Mijn collega Pascal Greuter postte onderstaand bericht vandaag. Interessant voor iedereen die zich bezighoudt met Cloud Computing.
Standaardisatie van cloud
Shared service centers worden de laatste jaren steeds meer gemeengoed de overheidssector. Met name gemeentes delen vaker één loket voor gezamenlijke diensten. Maar ook in het bedrijfsleven zijn shared services centers in opkomst: onder meer bij woningcorporaties, waarin veel organisaties ook werken met ongeveer dezelfde processen. Voorbeelden hiervan zijn financiële processen, maar ook het planmatig onderhoud kan worden gedeeld binnen zo’n dienstencentrum. Cloud computing biedt mogelijkheden om samen te werken tussen organisaties en deze processen te standaardiseren, maar er zijn wel een aantal zaken om rekening mee te houden.
Wanneer processen gestandaardiseerd worden heeft dit namelijk gevolgen voor de architectuur. Bij de ontwikkeling van de cloud-architectuur moet er gezorgd worden voor een zeer gestandaardiseerde architectuur. Er ontstaan dan generieke componenten die voor meerdere platformen ingezet kunnen worden. Voor een softwareontwikkelaar heeft dit ook gevolgen; er moet verschoven worden naar generieke oplossingen. Ook is er een verschuiving nodig van customer intimacy naar operational excellence.
Cloud architectuur
Bij cloud computing moeten processen gestandaardiseerd worden en het beheer moet onder controle zijn. De effecten van een storing bij cloud computing is namelijk vele malen groter dan bij lokaal geïnstalleerde software. Wanneer er bij een shared service center bijvoorbeeld een storing is, heeft dit misschien wel invloed op twintig organisaties die dan niet verder kunnen werken. Er moet dus veel aandacht zijn voor beschikbaarheids- en security-eisen. Bij aanpassingen aan het systeem, een hack of een bug is de impact op de architectuur vele malen groter dan bij een on-premise oplossing.
Bij traditionele architectuur is er vaak discussie over de keuze voor ‘best of brand’ of ‘best of breed’. Cloud computing betekent automatisch een keuze voor ‘best of breed’. Het applicatie-integratievraagstuk dat het laatste decennium veel ICT-afdelingen heeft beheerst krijgt met cloud computing een extra dimensie. Om de complexiteit van applicatie-integratie te beheersen moeten er nieuwe eisen worden gesteld aan de architectuur.
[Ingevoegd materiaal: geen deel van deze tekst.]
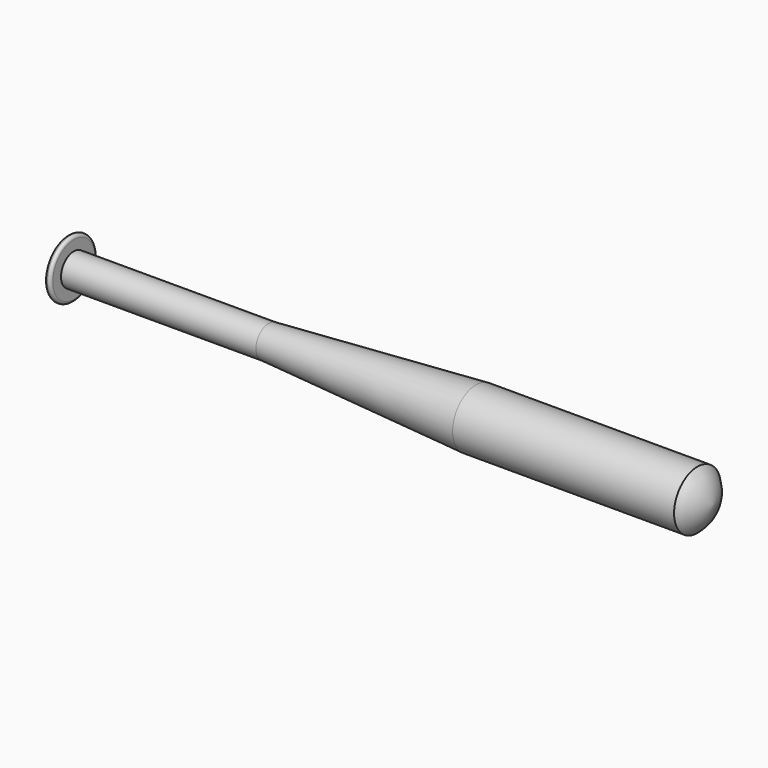
from build123d import *

# Parameters (mm, degrees)
F0_R      = 19.05
F1_DEPTH  = 139.7
F6_DEPTH  = 127
F7_R      = 19.05
F7_R_2    = 10.4004767537
F8_DEPTH  = 3.81
F9_R      = 1.905
F10_R     = 1.90499
F11_DEPTH = 3.81


# Not quite as in the source:
# - a fillet or chamfer is up to 0.001 mm smaller than in the source, because OpenCascade refuses the exact size


with BuildPart() as f1:
    # F0 (on Right) → F1 (new body, symmetric)
    with BuildSketch(Plane.YZ):
        Circle(F0_R)
    extrude(amount=F1_DEPTH, both=True)

    # F2 (on Front) → F3 (revolve, cut)
    with BuildSketch(Plane.XZ):
        Polygon((20.4490814358, 20.6541251391), (-147.2201794386, 26.1673723916), (-147.2201794386, 9.9189924076), align=None)
    revolve(axis=Axis((0, 0, 0), (1, 0, 0)), mode=Mode.SUBTRACT)

    # F4 (on Front) → F5 (revolve)
    with BuildSketch(Plane.XZ):
        with BuildLine():
            Line((139.7, 0), (139.7, -19.05))
            ThreePointArc((139.7, -19.05), (146.6869692838, -10.5420502847), (149.86, 0))
            Line((149.86, 0), (139.7, 0))
        make_face()
    revolve(axis=Axis((0, 0, 0), (1, 0, 0)))


with BuildPart() as f6:
    # F6 (new): a face of the model
    f6_faces = [f1.part.faces().sort_by_distance(p)[0] for p in [
        (-139.7, 0, 0),
    ]]
    extrude(f6_faces, amount=F6_DEPTH)


with BuildPart() as f8:
    # F7 (on face) → F8 (new body)
    with BuildSketch(Plane(origin=(-266.7, 0, 0), x_dir=(0, -1, 0), z_dir=(-1, 0, 0))):
        Circle(F7_R)
        Circle(F7_R_2, mode=Mode.SUBTRACT)
    extrude(amount=F8_DEPTH)

    # F9
    f9_edges = [f8.edges().sort_by_distance(p)[0] for p in [
        (-270.51, 19.05, 0),
    ]]
    fillet(f9_edges, radius=F9_R)

    # F10 (radius 1.905 in the source; OpenCascade refuses exactly that, so slightly less here)
    f10_edges = [f8.edges().sort_by_distance(p)[0] for p in [
        (-266.7, 19.05, 0),
    ]]
    fillet(f10_edges, radius=F10_R)


with BuildPart() as f11:
    # F11 (new, through all): a face of the model
    f11_faces = [f6.part.faces().sort_by_distance(p)[0] for p in [
        (-266.7, 0, 0),
    ]]
    extrude(f11_faces, amount=F11_DEPTH)


solid = Compound([f1.part, f6.part, f8.part, f11.part])

Bij het bouwen van een traditionele applicatie, kon er namelijk van uit gegaan worden dat systeembeheer ook de beveiliging regelt. De medewerkers die zich bezig houden met de infrastructuur zorgden ook voor de veiligheid. Bij cloud computing moet een ontwikkelaar daar verder over nadenken, de architectuur is namelijk open en je kunt niet meer alleen op je systeembeheerder vertrouwen. Als softwareontwikkelaar ben je dus steeds meer belast met security-vraagstukken en is er dus ook kennis over de infrastructuur nodig. Echter, veel softwareontwikkelaars beschikken niet over dezelfde kennis als beheerders, waardoor ze deze problematiek niet altijd kunnen overzien.
Non-functional requirements
Bij traditionele softwareontwikkeling wordt pas in de laatste fase, bij de overdracht naar de beheerorganisatie, nagedacht over de non-functional requirements. Wat zijn de eisen voor beschikbaarheid en de performance? Wanneer er software wordt ontwikkeld voor de cloud, dan moet hier al in de eerste fase van het project over nagedacht worden. Het is daarbij belangrijk om te bepalen of de software voor 100.000 of voor 10 gebruikers is. Per situatie gelden namelijk hele andere eisen. Bij traditionele softwareontwikkeling zijn hier, ook op basis van budget, verschillende keuzes mogelijk. Bij cloud computing is het effect veel groter en moet er dus gestreefd worden naar honderd procent beschikbaarheid, er is dus maar één keuze.
Een systeem moet zoveel mogelijk online zijn en de downtime moet worden geminimaliseerd. Echter, hoe minder downtime, des te hoger de beheerkosten zullen zijn. Omdat bij cloud computing en shared services veel meer personen met dezelfde applicatie werken is dit iets om in de beginfase van de ontwikkeling al over na te denken. De architectuur moet heel anders ontworpen worden. Op dag één moet al nagedacht worden over de mate van beschikbaarheid en de fail over. Ook de impact van een storing is belangrijk; gaat het om één medewerker of om honderden medewerkers? In het laatste geval is de urgentie bij een uitval een stuk hoger. Bij cloud computing moeten hier in de architectuur al veel meer eisen aan gesteld worden. Dit moet bij traditionele architectuur natuurlijk ook, er moet dan ook op de non-functional requirements gelet worden, alleen heeft een uitval dan een stuk minder gevolgen.
Wanneer er minder tijd wordt besteed aan een goede cloud-architectuur worden de problemen veel meer zichtbaar. Het is daarom van essentieel belang dat hier al bij de start over wordt nagedacht. Wordt dit niet voldoende gedaan, dan kunnen de gevolgen in het geval van een storing niet te overzien zijn. De impact van een storing is het aantal gebruikers dat geraakt wordt, vermenigvuldigd met de urgentie van de storing. Bij cloud computing is dit een groot aantal gebruikers en iedere cloud computing-storing heeft daardoor meteen een grote impact. Een goed doordachte cloud-architectuur is daarom van essentieel belang.